Because of similarities in chemical structure and sex differences in production, it was
hypothesized that the closely related hormone arginine vasopressin (AVP) served a similar
function in male social bonding (Winslow & Insel, 1991; Winslow, Hastings, Carter, Harbaugh,
& Insel, 1993).
OT and AVP are both nine-amino acid peptides produced in the paraventricular and
supraoptic nuclei of the hypothalamus, and differing only by two amino acids (du Vigneaud,
Ressler, Swan, Roberts, & Katsoyannis, 1954; Zingg, 2002; Verney, 1946; Wang, Young, De
Vries, & Insel, 1998).
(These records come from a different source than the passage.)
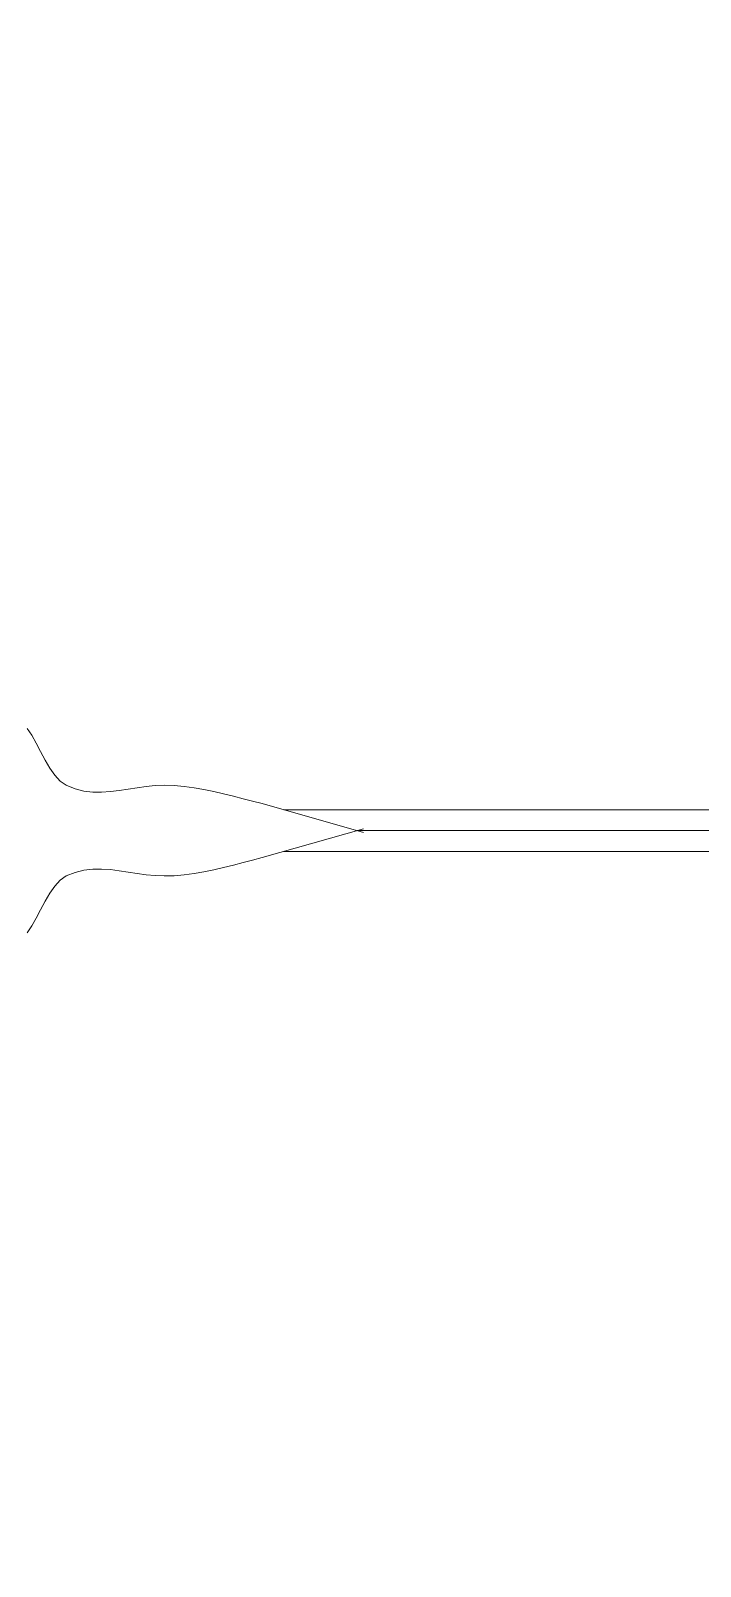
# Model space of a CAD drawing. Header units: centimetres. Extents: x -377343 to 693706, y 194584 to 813780.
# Drawn here: x 152563.7 to 152649.9, y 497912 to 498109.7 of the extents above; entities that cross this region are included whole.
import ezdxf

# ---------------------------------------------------------------- set-up
doc = ezdxf.new("R2010")
doc.units = ezdxf.units.CM
doc.layers.add('PIPA', color=11, linetype='Continuous')
doc.layers.add('TEXT', color=7, linetype='Continuous')

msp = doc.modelspace()

# ---------------------------------------------------------------- linework, layer by layer
at = {"layer": 'PIPA', "lineweight": 35, "extrusion": (0, 0.816497, 0.57735), "elevation": 193451.324}
msp.add_lwpolyline([(-421704.212, -325591.681), (-159560.265, -63447.734), (377343.333, -600351.331), (-158232.47, -1135927.133), (-693706.405, -600453.199), (-454216.825, -360963.619)], dxfattribs=at)
at = {"layer": 'TEXT', "color": 2, "linetype": 'Continuous', "lineweight": 13}
for p, q in [((152563.833, 498018.953), (152563.249, 498019.844)), ((152564.402, 498017.939), (152563.833, 498018.953)), ((152564.971, 498016.859), (152564.402, 498017.939)), ((152565.552, 498015.771), (152564.971, 498016.859)), ((152566.158, 498014.735), (152565.552, 498015.771)), ((152566.803, 498013.809), (152566.158, 498014.735)), ((152567.5, 498013.051), (152566.803, 498013.809)), ((152568.261, 498012.519), (152567.5, 498013.051)), ((152569.398, 498012.062), (152568.261, 498012.519)), ((152570.534, 498011.779), (152569.398, 498012.062)), ((152571.672, 498011.642), (152570.534, 498011.779)), ((152572.812, 498011.623), (152571.672, 498011.642)), ((152573.953, 498011.697), (152572.812, 498011.623)), ((152575.097, 498011.834), (152573.953, 498011.697)), ((152576.244, 498012.007), (152575.097, 498011.834)), ((152577.395, 498012.19), (152576.244, 498012.007)), ((152578.55, 498012.354), (152577.395, 498012.19)), ((152579.709, 498012.473), (152578.55, 498012.354)), ((152580.873, 498012.519), (152579.709, 498012.473)), ((152582.157, 498012.48), (152580.873, 498012.519)), ((152583.439, 498012.37), (152582.157, 498012.48)), ((152584.718, 498012.2), (152583.439, 498012.37)), ((152585.993, 498011.978), (152584.718, 498012.2)), ((152587.263, 498011.717), (152585.993, 498011.978)), ((152588.527, 498011.424), (152587.263, 498011.717)), ((152589.782, 498011.112), (152588.527, 498011.424)), ((152591.027, 498010.789), (152589.782, 498011.112)), ((152592.262, 498010.467), (152591.027, 498010.789)), ((152593.485, 498010.154), (152592.262, 498010.467)), ((152606.547, 498006.438), (152593.485, 498010.154)), ((152606.547, 498006.918), (152593.485, 498003.202)), ((152570.534, 498001.578), (152569.398, 498001.294)), ((152571.672, 498001.715), (152570.534, 498001.578)), ((152572.812, 498001.733), (152571.672, 498001.715)), ((152573.953, 498001.66), (152572.812, 498001.733)), ((152575.097, 498001.523), (152573.953, 498001.66)), ((152576.244, 498001.349), (152575.097, 498001.523)), ((152587.263, 498001.64), (152585.993, 498001.378)), ((152588.527, 498001.932), (152587.263, 498001.64)), ((152589.782, 498002.245), (152588.527, 498001.932)), ((152591.027, 498002.567), (152589.782, 498002.245)), ((152592.262, 498002.89), (152591.027, 498002.567)), ((152593.485, 498003.202), (152592.262, 498002.89)), ((152566.803, 497999.547), (152566.158, 497998.621)), ((152567.5, 498000.306), (152566.803, 497999.547)), ((152568.261, 498000.838), (152567.5, 498000.306)), ((152569.398, 498001.294), (152568.261, 498000.838)), ((152577.395, 498001.167), (152576.244, 498001.349)), ((152578.55, 498001.002), (152577.395, 498001.167)), ((152579.709, 498000.883), (152578.55, 498001.002)), ((152580.873, 498000.838), (152579.709, 498000.883)), ((152582.157, 498000.876), (152580.873, 498000.838)), ((152583.439, 498000.986), (152582.157, 498000.876)), ((152584.718, 498001.157), (152583.439, 498000.986)), ((152585.993, 498001.378), (152584.718, 498001.157)), ((152565.552, 497997.585), (152564.971, 497996.498)), ((152566.158, 497998.621), (152565.552, 497997.585)), ((152564.971, 497996.498), (152564.402, 497995.418)), ((152563.833, 497994.403), (152563.249, 497993.512)), ((152564.402, 497995.418), (152563.833, 497994.403))]:
    msp.add_line(p, q, dxfattribs=at)
at = {"layer": 'TEXT', "color": 2, "linetype": 'Continuous', "lineweight": 9}
for p, q in [((152596.256, 498009.366), (153027.38, 498009.366)), ((152596.256, 498003.991), (153027.38, 498003.991))]:
    msp.add_line(p, q, dxfattribs=at)
at = {"layer": 'TEXT', "color": 2, "linetype": 'Continuous', "lineweight": 15}
msp.add_line((152605.703, 498006.678), (153027.38, 498006.678), dxfattribs=at)

doc.saveas('drawing.dxf')

They are capable of binding to each other's receptors (Gimpl &
Fahrenholz, 2001; Barberis & Tribollet, 1996), with many pharmacological agents having
actions at both OT and AVP receptors (Bankowski, Manning, Seto, Haldar, & Sawyer, 1980;
Manning et al., 1995; Manning, Stoev, Cheng, Wo, & Chan, 2001). AVP is also produced in
several other brain areas, including some of which are sexually dimorphic. Males of many
species have AVP-producing cell bodies in the medial amygdala and bed nucleus of the stria
terminalis, with fibers extending to the lateral septum (De Vries & Villalba, 1997), however
females do not. AVP production in these areas is androgen-dependent (De Vries & Villalba,
1997). OT has one currently known receptor type, while AVP has three (V1a, V1b, and
V2)(Gimpl & Fahrenholz, 2001; Barberis & Tribollet, 1996). In addition, it is important to
remember that OT is also produced peripherally by organs such as the ovaries (Churchland &
Winkielman, 2011), and that it is possible that peripheral OT can act on the brain.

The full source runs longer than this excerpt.